Au casting, on retrouve dans les rôles principaux Jean-Pierre Mocky et Marie-José Nat qui aurait remplacé au dernier moment Mia Farrow  prévue pour le rôle. Concernant cette dernière anecdote, il faut quand même se méfier de Mocky qui aimait construire sa légende. Actrice solide qu'on a vu chez Gérard Oury et Aldo Lado, Marie-José Nat s’avère très bonne dans le film alors que son réalisateur n’a cessé de dire qu’elle ne comprenait rien au scénario. Enfin, n’oublions pas le chanteur Nino Ferrer (qui s’occupe aussi d’une grande partie de la BO) dans le rôle d’une sorte de docteur Frankenstein. Ce n’est pas le meilleur acteur du monde, néanmoins il a un charisme naturel qui lui permet de plutôt bien passer à l’écran surtout que Mocky soigne plus l’ambiance que son propre jeu d’acteur.

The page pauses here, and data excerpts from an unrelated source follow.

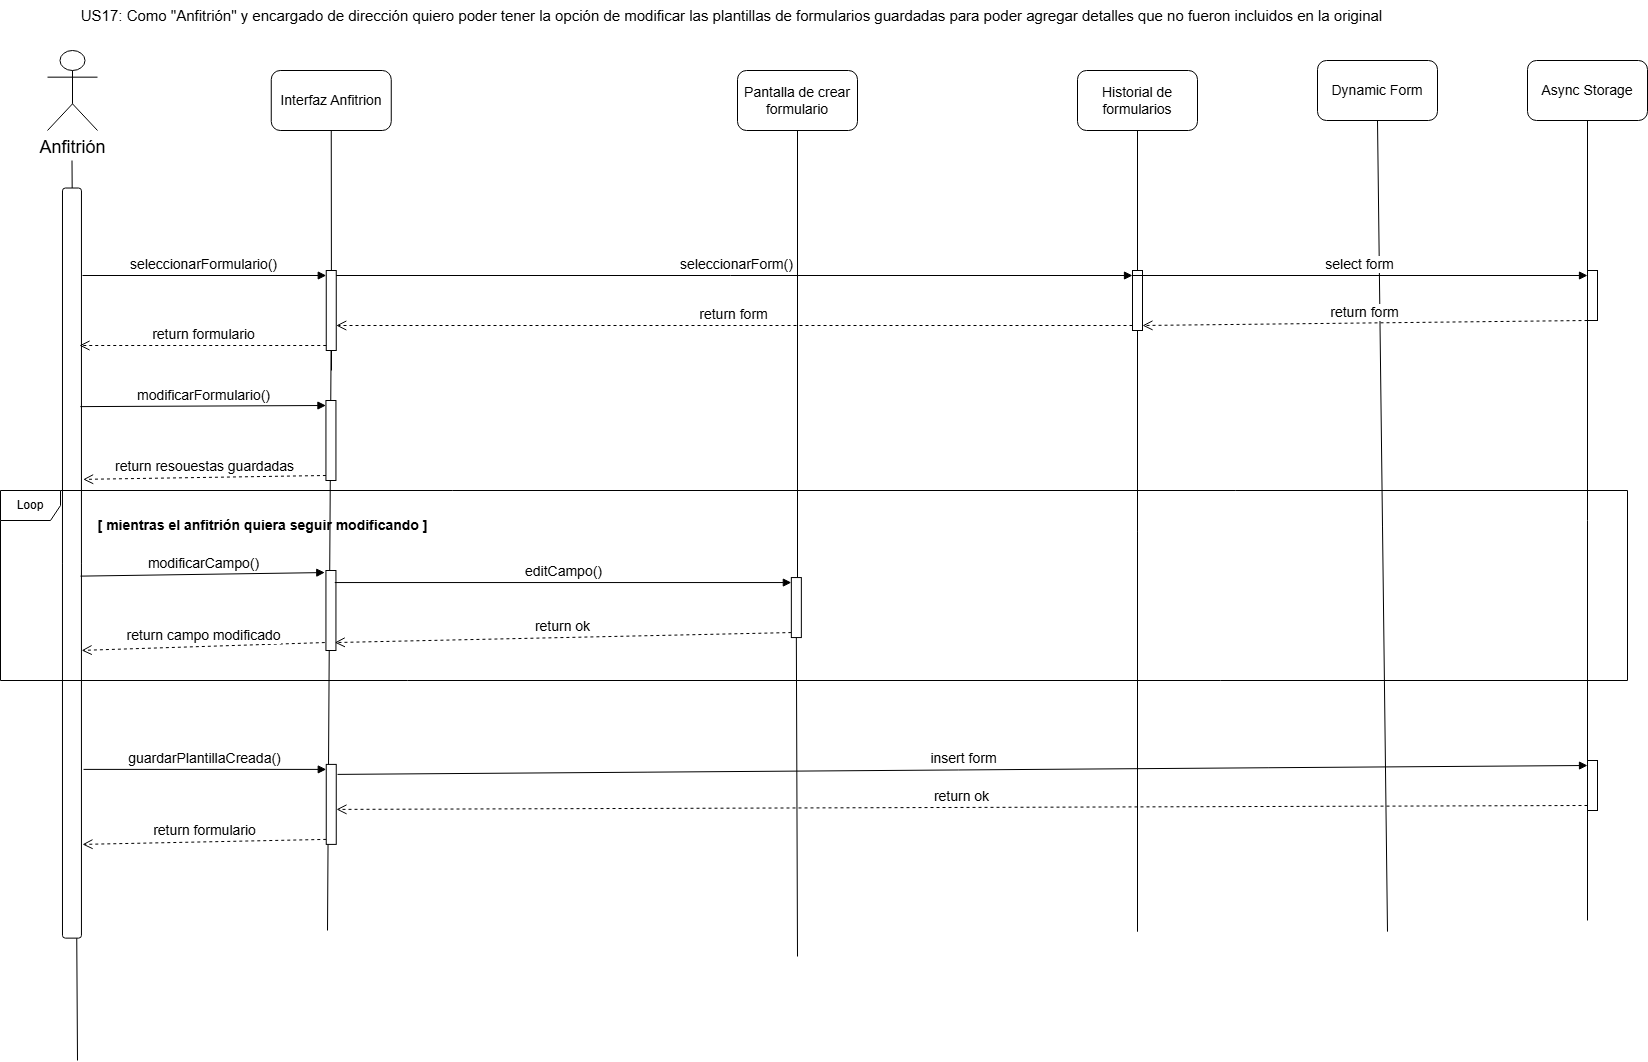

The diagram above was exported from draw.io. Its source (the exported page's mxGraphModel, read from the mxfile embedded in the PNG):
<mxGraphModel dx="2670" dy="3134" grid="1" gridSize="10" guides="1" tooltips="1" connect="1" arrows="1" fold="1" page="1" pageScale="1" pageWidth="827" pageHeight="1169" math="0" shadow="0">
  <root>
    <mxCell id="0" />
    <mxCell id="1" parent="0" />
    <mxCell id="2s2I4f_hY12RZA5i_LJ1-1" value="&lt;font style=&quot;font-size: 14px;&quot;&gt;Interfaz Anfitrion&lt;/font&gt;" style="rounded=1;whiteSpace=wrap;html=1;" parent="1" vertex="1">
      <mxGeometry x="243.75" y="-1660" width="120" height="60" as="geometry" />
    </mxCell>
    <mxCell id="2s2I4f_hY12RZA5i_LJ1-2" value="" style="endArrow=none;html=1;rounded=0;entryX=0.5;entryY=1;entryDx=0;entryDy=0;" parent="1" target="2s2I4f_hY12RZA5i_LJ1-1" edge="1">
      <mxGeometry width="50" height="50" relative="1" as="geometry">
        <mxPoint x="304" y="-1360" as="sourcePoint" />
        <mxPoint x="493.75" y="-1320" as="targetPoint" />
      </mxGeometry>
    </mxCell>
    <mxCell id="2s2I4f_hY12RZA5i_LJ1-3" value="&lt;font style=&quot;font-size: 18px;&quot;&gt;Anfitrión&lt;/font&gt;" style="shape=umlActor;verticalLabelPosition=bottom;verticalAlign=top;html=1;outlineConnect=0;" parent="1" vertex="1">
      <mxGeometry x="20" y="-1680" width="50" height="80" as="geometry" />
    </mxCell>
    <mxCell id="2s2I4f_hY12RZA5i_LJ1-4" value="" style="endArrow=none;html=1;rounded=0;entryX=0.5;entryY=1;entryDx=0;entryDy=0;" parent="1" edge="1">
      <mxGeometry width="50" height="50" relative="1" as="geometry">
        <mxPoint x="50" y="-670" as="sourcePoint" />
        <mxPoint x="44.5" y="-1570" as="targetPoint" />
      </mxGeometry>
    </mxCell>
    <mxCell id="2s2I4f_hY12RZA5i_LJ1-5" value="&lt;font style=&quot;font-size: 15px;&quot;&gt;US17: Como &quot;Anfitrión&quot; y encargado de dirección quiero poder tener la opción de modificar las plantillas de formularios guardadas para poder agregar detalles que no fueron incluidos en la original&lt;/font&gt;" style="text;html=1;align=center;verticalAlign=middle;resizable=0;points=[];autosize=1;strokeColor=none;fillColor=none;" parent="1" vertex="1">
      <mxGeometry x="43.75" y="-1730" width="1320" height="30" as="geometry" />
    </mxCell>
    <mxCell id="2s2I4f_hY12RZA5i_LJ1-6" value="" style="rounded=1;whiteSpace=wrap;html=1;rotation=90;" parent="1" vertex="1">
      <mxGeometry x="-330.58" y="-1176.91" width="750.11" height="18.97" as="geometry" />
    </mxCell>
    <mxCell id="2s2I4f_hY12RZA5i_LJ1-9" value="" style="endArrow=none;html=1;rounded=0;" parent="1" edge="1">
      <mxGeometry width="50" height="50" relative="1" as="geometry">
        <mxPoint x="303.75" y="-1410" as="sourcePoint" />
        <mxPoint x="300" y="-800" as="targetPoint" />
      </mxGeometry>
    </mxCell>
    <mxCell id="2s2I4f_hY12RZA5i_LJ1-11" value="&lt;span style=&quot;font-size: 14px;&quot;&gt;Historial de formularios&lt;/span&gt;" style="rounded=1;whiteSpace=wrap;html=1;" parent="1" vertex="1">
      <mxGeometry x="1050" y="-1660" width="120" height="60" as="geometry" />
    </mxCell>
    <mxCell id="2s2I4f_hY12RZA5i_LJ1-12" value="" style="endArrow=none;html=1;rounded=0;entryX=0.5;entryY=1;entryDx=0;entryDy=0;" parent="1" target="2s2I4f_hY12RZA5i_LJ1-11" edge="1">
      <mxGeometry width="50" height="50" relative="1" as="geometry">
        <mxPoint x="1110" y="-798.7691556490385" as="sourcePoint" />
        <mxPoint x="1280" y="-1320" as="targetPoint" />
      </mxGeometry>
    </mxCell>
    <mxCell id="2s2I4f_hY12RZA5i_LJ1-15" value="&lt;span style=&quot;font-size: 14px;&quot;&gt;Async Storage&lt;/span&gt;" style="rounded=1;whiteSpace=wrap;html=1;" parent="1" vertex="1">
      <mxGeometry x="1500" y="-1670" width="120" height="60" as="geometry" />
    </mxCell>
    <mxCell id="2s2I4f_hY12RZA5i_LJ1-16" value="" style="endArrow=none;html=1;rounded=0;entryX=0.5;entryY=1;entryDx=0;entryDy=0;" parent="1" target="2s2I4f_hY12RZA5i_LJ1-15" edge="1">
      <mxGeometry width="50" height="50" relative="1" as="geometry">
        <mxPoint x="1560" y="-810" as="sourcePoint" />
        <mxPoint x="1520" y="-1320" as="targetPoint" />
      </mxGeometry>
    </mxCell>
    <mxCell id="2s2I4f_hY12RZA5i_LJ1-19" value="&lt;span style=&quot;font-size: 14px;&quot;&gt;Dynamic Form&lt;/span&gt;" style="rounded=1;whiteSpace=wrap;html=1;" parent="1" vertex="1">
      <mxGeometry x="1290" y="-1670" width="120" height="60" as="geometry" />
    </mxCell>
    <mxCell id="2s2I4f_hY12RZA5i_LJ1-20" value="" style="endArrow=none;html=1;rounded=0;entryX=0.5;entryY=1;entryDx=0;entryDy=0;" parent="1" target="2s2I4f_hY12RZA5i_LJ1-19" edge="1">
      <mxGeometry width="50" height="50" relative="1" as="geometry">
        <mxPoint x="1360" y="-798.8572474888393" as="sourcePoint" />
        <mxPoint x="1310" y="-1320" as="targetPoint" />
      </mxGeometry>
    </mxCell>
    <mxCell id="2s2I4f_hY12RZA5i_LJ1-21" value="" style="html=1;points=[[0,0,0,0,5],[0,1,0,0,-5],[1,0,0,0,5],[1,1,0,0,-5]];perimeter=orthogonalPerimeter;outlineConnect=0;targetShapes=umlLifeline;portConstraint=eastwest;newEdgeStyle={&quot;curved&quot;:0,&quot;rounded&quot;:0};" parent="1" vertex="1">
      <mxGeometry x="298.75" y="-1460" width="10" height="80" as="geometry" />
    </mxCell>
    <mxCell id="2s2I4f_hY12RZA5i_LJ1-22" value="&lt;font style=&quot;font-size: 14px;&quot;&gt;seleccionarFormulario()&lt;/font&gt;" style="html=1;verticalAlign=bottom;endArrow=block;curved=0;rounded=0;entryX=0;entryY=0;entryDx=0;entryDy=5;" parent="1" target="2s2I4f_hY12RZA5i_LJ1-21" edge="1">
      <mxGeometry x="-0.0028" relative="1" as="geometry">
        <mxPoint x="55" y="-1455" as="sourcePoint" />
        <mxPoint as="offset" />
      </mxGeometry>
    </mxCell>
    <mxCell id="2s2I4f_hY12RZA5i_LJ1-23" value="&lt;font style=&quot;font-size: 14px;&quot;&gt;return formulario&lt;/font&gt;" style="html=1;verticalAlign=bottom;endArrow=open;dashed=1;endSize=8;curved=0;rounded=0;exitX=0;exitY=1;exitDx=0;exitDy=-5;" parent="1" source="2s2I4f_hY12RZA5i_LJ1-21" edge="1">
      <mxGeometry relative="1" as="geometry">
        <mxPoint x="52" y="-1385" as="targetPoint" />
      </mxGeometry>
    </mxCell>
    <mxCell id="2s2I4f_hY12RZA5i_LJ1-24" value="" style="html=1;points=[[0,0,0,0,5],[0,1,0,0,-5],[1,0,0,0,5],[1,1,0,0,-5]];perimeter=orthogonalPerimeter;outlineConnect=0;targetShapes=umlLifeline;portConstraint=eastwest;newEdgeStyle={&quot;curved&quot;:0,&quot;rounded&quot;:0};" parent="1" vertex="1">
      <mxGeometry x="1105" y="-1460" width="10" height="60" as="geometry" />
    </mxCell>
    <mxCell id="2s2I4f_hY12RZA5i_LJ1-25" value="&lt;font style=&quot;font-size: 14px;&quot;&gt;&amp;nbsp;seleccionarForm()&lt;/font&gt;" style="html=1;verticalAlign=bottom;endArrow=block;curved=0;rounded=0;entryX=0;entryY=0;entryDx=0;entryDy=5;" parent="1" source="2s2I4f_hY12RZA5i_LJ1-21" target="2s2I4f_hY12RZA5i_LJ1-24" edge="1">
      <mxGeometry relative="1" as="geometry">
        <mxPoint x="1035" y="-1455" as="sourcePoint" />
      </mxGeometry>
    </mxCell>
    <mxCell id="2s2I4f_hY12RZA5i_LJ1-26" value="&lt;font style=&quot;font-size: 14px;&quot;&gt;return form&lt;/font&gt;" style="html=1;verticalAlign=bottom;endArrow=open;dashed=1;endSize=8;curved=0;rounded=0;exitX=0;exitY=1;exitDx=0;exitDy=-5;" parent="1" source="2s2I4f_hY12RZA5i_LJ1-24" target="2s2I4f_hY12RZA5i_LJ1-21" edge="1">
      <mxGeometry relative="1" as="geometry">
        <mxPoint x="1035" y="-1385" as="targetPoint" />
      </mxGeometry>
    </mxCell>
    <mxCell id="2s2I4f_hY12RZA5i_LJ1-27" value="" style="html=1;points=[[0,0,0,0,5],[0,1,0,0,-5],[1,0,0,0,5],[1,1,0,0,-5]];perimeter=orthogonalPerimeter;outlineConnect=0;targetShapes=umlLifeline;portConstraint=eastwest;newEdgeStyle={&quot;curved&quot;:0,&quot;rounded&quot;:0};" parent="1" vertex="1">
      <mxGeometry x="298.44" y="-1330" width="10" height="80" as="geometry" />
    </mxCell>
    <mxCell id="2s2I4f_hY12RZA5i_LJ1-28" value="&lt;span style=&quot;font-size: 14px;&quot;&gt;modificarFormulario()&lt;/span&gt;" style="html=1;verticalAlign=bottom;endArrow=block;curved=0;rounded=0;entryX=0;entryY=0;entryDx=0;entryDy=5;exitX=0.607;exitY=0.045;exitDx=0;exitDy=0;exitPerimeter=0;" parent="1" target="2s2I4f_hY12RZA5i_LJ1-27" edge="1">
      <mxGeometry relative="1" as="geometry">
        <mxPoint x="52.80135000000013" y="-1323.8817600000004" as="sourcePoint" />
      </mxGeometry>
    </mxCell>
    <mxCell id="2s2I4f_hY12RZA5i_LJ1-29" value="&lt;font style=&quot;font-size: 14px;&quot;&gt;return resouestas guardadas&lt;/font&gt;" style="html=1;verticalAlign=bottom;endArrow=open;dashed=1;endSize=8;curved=0;rounded=0;exitX=0;exitY=1;exitDx=0;exitDy=-5;entryX=0.689;entryY=-0.104;entryDx=0;entryDy=0;entryPerimeter=0;" parent="1" source="2s2I4f_hY12RZA5i_LJ1-27" edge="1">
      <mxGeometry x="-0.002" relative="1" as="geometry">
        <mxPoint x="55.62787999999995" y="-1251.1215199999997" as="targetPoint" />
        <mxPoint as="offset" />
      </mxGeometry>
    </mxCell>
    <mxCell id="2s2I4f_hY12RZA5i_LJ1-36" value="" style="html=1;points=[[0,0,0,0,5],[0,1,0,0,-5],[1,0,0,0,5],[1,1,0,0,-5]];perimeter=orthogonalPerimeter;outlineConnect=0;targetShapes=umlLifeline;portConstraint=eastwest;newEdgeStyle={&quot;curved&quot;:0,&quot;rounded&quot;:0};" parent="1" vertex="1">
      <mxGeometry x="1560" y="-1460" width="10" height="50" as="geometry" />
    </mxCell>
    <mxCell id="2s2I4f_hY12RZA5i_LJ1-37" value="&lt;font style=&quot;font-size: 14px;&quot;&gt;select form&lt;/font&gt;" style="html=1;verticalAlign=bottom;endArrow=block;curved=0;rounded=0;entryX=0;entryY=0;entryDx=0;entryDy=5;exitX=0;exitY=0;exitDx=0;exitDy=5;exitPerimeter=0;" parent="1" source="2s2I4f_hY12RZA5i_LJ1-24" target="2s2I4f_hY12RZA5i_LJ1-36" edge="1">
      <mxGeometry x="0.0008" relative="1" as="geometry">
        <mxPoint x="1490" y="-1455" as="sourcePoint" />
        <mxPoint as="offset" />
      </mxGeometry>
    </mxCell>
    <mxCell id="2s2I4f_hY12RZA5i_LJ1-38" value="&lt;font style=&quot;font-size: 14px;&quot;&gt;return form&lt;/font&gt;" style="html=1;verticalAlign=bottom;endArrow=open;dashed=1;endSize=8;curved=0;rounded=0;entryX=1;entryY=1;entryDx=0;entryDy=-5;entryPerimeter=0;" parent="1" source="2s2I4f_hY12RZA5i_LJ1-36" target="2s2I4f_hY12RZA5i_LJ1-24" edge="1">
      <mxGeometry relative="1" as="geometry">
        <mxPoint x="1490" y="-1385" as="targetPoint" />
      </mxGeometry>
    </mxCell>
    <mxCell id="2s2I4f_hY12RZA5i_LJ1-39" value="&lt;span style=&quot;font-size: 14px;&quot;&gt;Pantalla de crear&lt;/span&gt;&lt;div&gt;&lt;span style=&quot;font-size: 14px;&quot;&gt;formulario&lt;/span&gt;&lt;/div&gt;" style="rounded=1;whiteSpace=wrap;html=1;" parent="1" vertex="1">
      <mxGeometry x="710" y="-1660" width="120" height="60" as="geometry" />
    </mxCell>
    <mxCell id="2s2I4f_hY12RZA5i_LJ1-40" value="" style="endArrow=none;html=1;rounded=0;entryX=0.5;entryY=1;entryDx=0;entryDy=0;" parent="1" source="2s2I4f_hY12RZA5i_LJ1-53" target="2s2I4f_hY12RZA5i_LJ1-39" edge="1">
      <mxGeometry width="50" height="50" relative="1" as="geometry">
        <mxPoint x="770" y="-774.0000697544643" as="sourcePoint" />
        <mxPoint x="730" y="-1310" as="targetPoint" />
      </mxGeometry>
    </mxCell>
    <mxCell id="2s2I4f_hY12RZA5i_LJ1-47" value="" style="html=1;points=[[0,0,0,0,5],[0,1,0,0,-5],[1,0,0,0,5],[1,1,0,0,-5]];perimeter=orthogonalPerimeter;outlineConnect=0;targetShapes=umlLifeline;portConstraint=eastwest;newEdgeStyle={&quot;curved&quot;:0,&quot;rounded&quot;:0};" parent="1" vertex="1">
      <mxGeometry x="298.44" y="-1160" width="10" height="80" as="geometry" />
    </mxCell>
    <mxCell id="2s2I4f_hY12RZA5i_LJ1-48" value="&lt;font style=&quot;font-size: 14px;&quot;&gt;modificarCampo()&lt;/font&gt;" style="html=1;verticalAlign=bottom;endArrow=block;curved=0;rounded=0;entryX=0;entryY=0;entryDx=0;entryDy=5;exitX=0.468;exitY=-0.01;exitDx=0;exitDy=0;exitPerimeter=0;" parent="1" edge="1">
      <mxGeometry relative="1" as="geometry">
        <mxPoint x="52.999700000000395" y="-1154.3685200000002" as="sourcePoint" />
        <mxPoint x="297.2900000000001" y="-1157.94" as="targetPoint" />
      </mxGeometry>
    </mxCell>
    <mxCell id="2s2I4f_hY12RZA5i_LJ1-49" value="&lt;font style=&quot;font-size: 14px;&quot;&gt;return campo modificado&lt;/font&gt;" style="html=1;verticalAlign=bottom;endArrow=open;dashed=1;endSize=8;curved=0;rounded=0;exitX=0;exitY=1;exitDx=0;exitDy=-5;entryX=0.567;entryY=-0.07;entryDx=0;entryDy=0;entryPerimeter=0;" parent="1" edge="1">
      <mxGeometry relative="1" as="geometry">
        <mxPoint x="54.13790000000072" y="-1080.1076300000002" as="targetPoint" />
        <mxPoint x="297.2900000000001" y="-1087.94" as="sourcePoint" />
      </mxGeometry>
    </mxCell>
    <mxCell id="2s2I4f_hY12RZA5i_LJ1-54" value="&lt;font style=&quot;font-size: 14px;&quot;&gt;editCampo()&lt;/font&gt;" style="html=1;verticalAlign=bottom;endArrow=block;curved=0;rounded=0;entryX=0;entryY=0;entryDx=0;entryDy=5;" parent="1" target="2s2I4f_hY12RZA5i_LJ1-53" edge="1">
      <mxGeometry relative="1" as="geometry">
        <mxPoint x="307.2900000000001" y="-1147.94" as="sourcePoint" />
      </mxGeometry>
    </mxCell>
    <mxCell id="2s2I4f_hY12RZA5i_LJ1-55" value="&lt;font style=&quot;font-size: 14px;&quot;&gt;return ok&lt;/font&gt;" style="html=1;verticalAlign=bottom;endArrow=open;dashed=1;endSize=8;curved=0;rounded=0;exitX=0;exitY=1;exitDx=0;exitDy=-5;entryX=1;entryY=1;entryDx=0;entryDy=-5;entryPerimeter=0;" parent="1" source="2s2I4f_hY12RZA5i_LJ1-53" edge="1">
      <mxGeometry relative="1" as="geometry">
        <mxPoint x="307.2900000000001" y="-1087.94" as="targetPoint" />
      </mxGeometry>
    </mxCell>
    <mxCell id="2s2I4f_hY12RZA5i_LJ1-56" value="" style="endArrow=none;html=1;rounded=0;entryX=0.5;entryY=1;entryDx=0;entryDy=0;" parent="1" target="2s2I4f_hY12RZA5i_LJ1-53" edge="1">
      <mxGeometry width="50" height="50" relative="1" as="geometry">
        <mxPoint x="770" y="-774.0000697544643" as="sourcePoint" />
        <mxPoint x="770" y="-1600" as="targetPoint" />
      </mxGeometry>
    </mxCell>
    <mxCell id="2s2I4f_hY12RZA5i_LJ1-53" value="" style="html=1;points=[[0,0,0,0,5],[0,1,0,0,-5],[1,0,0,0,5],[1,1,0,0,-5]];perimeter=orthogonalPerimeter;outlineConnect=0;targetShapes=umlLifeline;portConstraint=eastwest;newEdgeStyle={&quot;curved&quot;:0,&quot;rounded&quot;:0};" parent="1" vertex="1">
      <mxGeometry x="763.85" y="-1152.94" width="10" height="60" as="geometry" />
    </mxCell>
    <mxCell id="2s2I4f_hY12RZA5i_LJ1-57" value="&lt;span style=&quot;font-size: 14px;&quot;&gt;guardarPlantillaCreada()&lt;/span&gt;" style="html=1;verticalAlign=bottom;endArrow=block;curved=0;rounded=0;entryX=0;entryY=0;entryDx=0;entryDy=5;" parent="1" target="2s2I4f_hY12RZA5i_LJ1-59" edge="1">
      <mxGeometry relative="1" as="geometry">
        <mxPoint x="56" y="-961.1" as="sourcePoint" />
      </mxGeometry>
    </mxCell>
    <mxCell id="2s2I4f_hY12RZA5i_LJ1-58" value="&lt;font style=&quot;font-size: 14px;&quot;&gt;return formulario&lt;/font&gt;" style="html=1;verticalAlign=bottom;endArrow=open;dashed=1;endSize=8;curved=0;rounded=0;exitX=0;exitY=1;exitDx=0;exitDy=-5;entryX=0.377;entryY=-0.055;entryDx=0;entryDy=0;entryPerimeter=0;" parent="1" source="2s2I4f_hY12RZA5i_LJ1-59" edge="1">
      <mxGeometry relative="1" as="geometry">
        <mxPoint x="55" y="-886.1" as="targetPoint" />
      </mxGeometry>
    </mxCell>
    <mxCell id="2s2I4f_hY12RZA5i_LJ1-59" value="" style="html=1;points=[[0,0,0,0,5],[0,1,0,0,-5],[1,0,0,0,5],[1,1,0,0,-5]];perimeter=orthogonalPerimeter;outlineConnect=0;targetShapes=umlLifeline;portConstraint=eastwest;newEdgeStyle={&quot;curved&quot;:0,&quot;rounded&quot;:0};" parent="1" vertex="1">
      <mxGeometry x="298.75" y="-966.1" width="10" height="80" as="geometry" />
    </mxCell>
    <mxCell id="2s2I4f_hY12RZA5i_LJ1-60" value="&lt;font style=&quot;font-size: 14px;&quot;&gt;insert form&lt;/font&gt;" style="html=1;verticalAlign=bottom;endArrow=block;curved=0;rounded=0;entryX=0;entryY=0;entryDx=0;entryDy=5;entryPerimeter=0;" parent="1" target="2s2I4f_hY12RZA5i_LJ1-62" edge="1">
      <mxGeometry x="0.0003" relative="1" as="geometry">
        <mxPoint x="310" y="-956.1" as="sourcePoint" />
        <mxPoint as="offset" />
        <mxPoint x="1115" y="-991.1" as="targetPoint" />
      </mxGeometry>
    </mxCell>
    <mxCell id="2s2I4f_hY12RZA5i_LJ1-61" value="&lt;font style=&quot;font-size: 14px;&quot;&gt;return ok&lt;/font&gt;" style="html=1;verticalAlign=bottom;endArrow=open;dashed=1;endSize=8;curved=0;rounded=0;exitX=0;exitY=1;exitDx=0;exitDy=-5;exitPerimeter=0;" parent="1" source="2s2I4f_hY12RZA5i_LJ1-62" edge="1">
      <mxGeometry relative="1" as="geometry">
        <mxPoint x="309" y="-921.1" as="targetPoint" />
        <mxPoint x="1115" y="-947.1" as="sourcePoint" />
      </mxGeometry>
    </mxCell>
    <mxCell id="2s2I4f_hY12RZA5i_LJ1-62" value="" style="html=1;points=[[0,0,0,0,5],[0,1,0,0,-5],[1,0,0,0,5],[1,1,0,0,-5]];perimeter=orthogonalPerimeter;outlineConnect=0;targetShapes=umlLifeline;portConstraint=eastwest;newEdgeStyle={&quot;curved&quot;:0,&quot;rounded&quot;:0};" parent="1" vertex="1">
      <mxGeometry x="1560" y="-970.0000000000001" width="10" height="50" as="geometry" />
    </mxCell>
    <mxCell id="Jpg2S8JpnuzDg28awUKe-1" value="Loop" style="shape=umlFrame;whiteSpace=wrap;html=1;pointerEvents=0;" parent="1" vertex="1">
      <mxGeometry x="-27" y="-1240" width="1627" height="190" as="geometry" />
    </mxCell>
    <mxCell id="Jpg2S8JpnuzDg28awUKe-2" value="&lt;b&gt;&lt;font style=&quot;font-size: 14px;&quot;&gt;[ mientras el anfitrión quiera seguir modificando ]&lt;/font&gt;&lt;/b&gt;" style="text;html=1;align=center;verticalAlign=middle;resizable=0;points=[];autosize=1;strokeColor=none;fillColor=none;" parent="1" vertex="1">
      <mxGeometry x="60" y="-1220" width="350" height="30" as="geometry" />
    </mxCell>
  </root>
</mxGraphModel>

Litan s’apparente à un cauchemar... En effet, ce long métrage désoriente souvent son spectateur à cause de son histoire qui refuse à la fois les liens de cause à effet et le psychologisme.  Nous sommes ici très éloignés du fantastique anglo-saxon qui repose sur une confrontation entre l'irrationnel et le rationnel. De toute façon, Mocky est bien conscient qu’il marche sur un fil avec ce film qui flirte parfois avec le grotesque. À ce titre, il intègre plusieurs fois dans son montage des plans avec un funambule qui menace à tout moment de se fracasser par terre. Litan est aussi loin d’être parfait techniquement. Le montage est parfois chaotique et les doublures cascade sont visibles. Cependant, Il ne faudrait pas oublier que malgré un budget plus que limité, Mocky et son génial chef opérateur Edmond Richard (collaborateur entre autres de Wells, Carné ou Buñuel) arrivent la plupart du temps avec quelques masques et un épais brouillard à sublimer leurs décors naturels pour donner vie à l’écran à une sorte d’Alice au pays des merveilles mortifère. Il est clair que cette œuvre laissera sur le bord de la route les esprits rationnels en raison de son récit aux confins de l’absurde. Néanmoins, si vous êtes amateur d’étrangeté, vous serez sans doute comblés par cette œuvre essentielle du cinéma fantastique français qui n’a rien à envier à l’univers d’un Franju. Indispensable ! Tout simplement.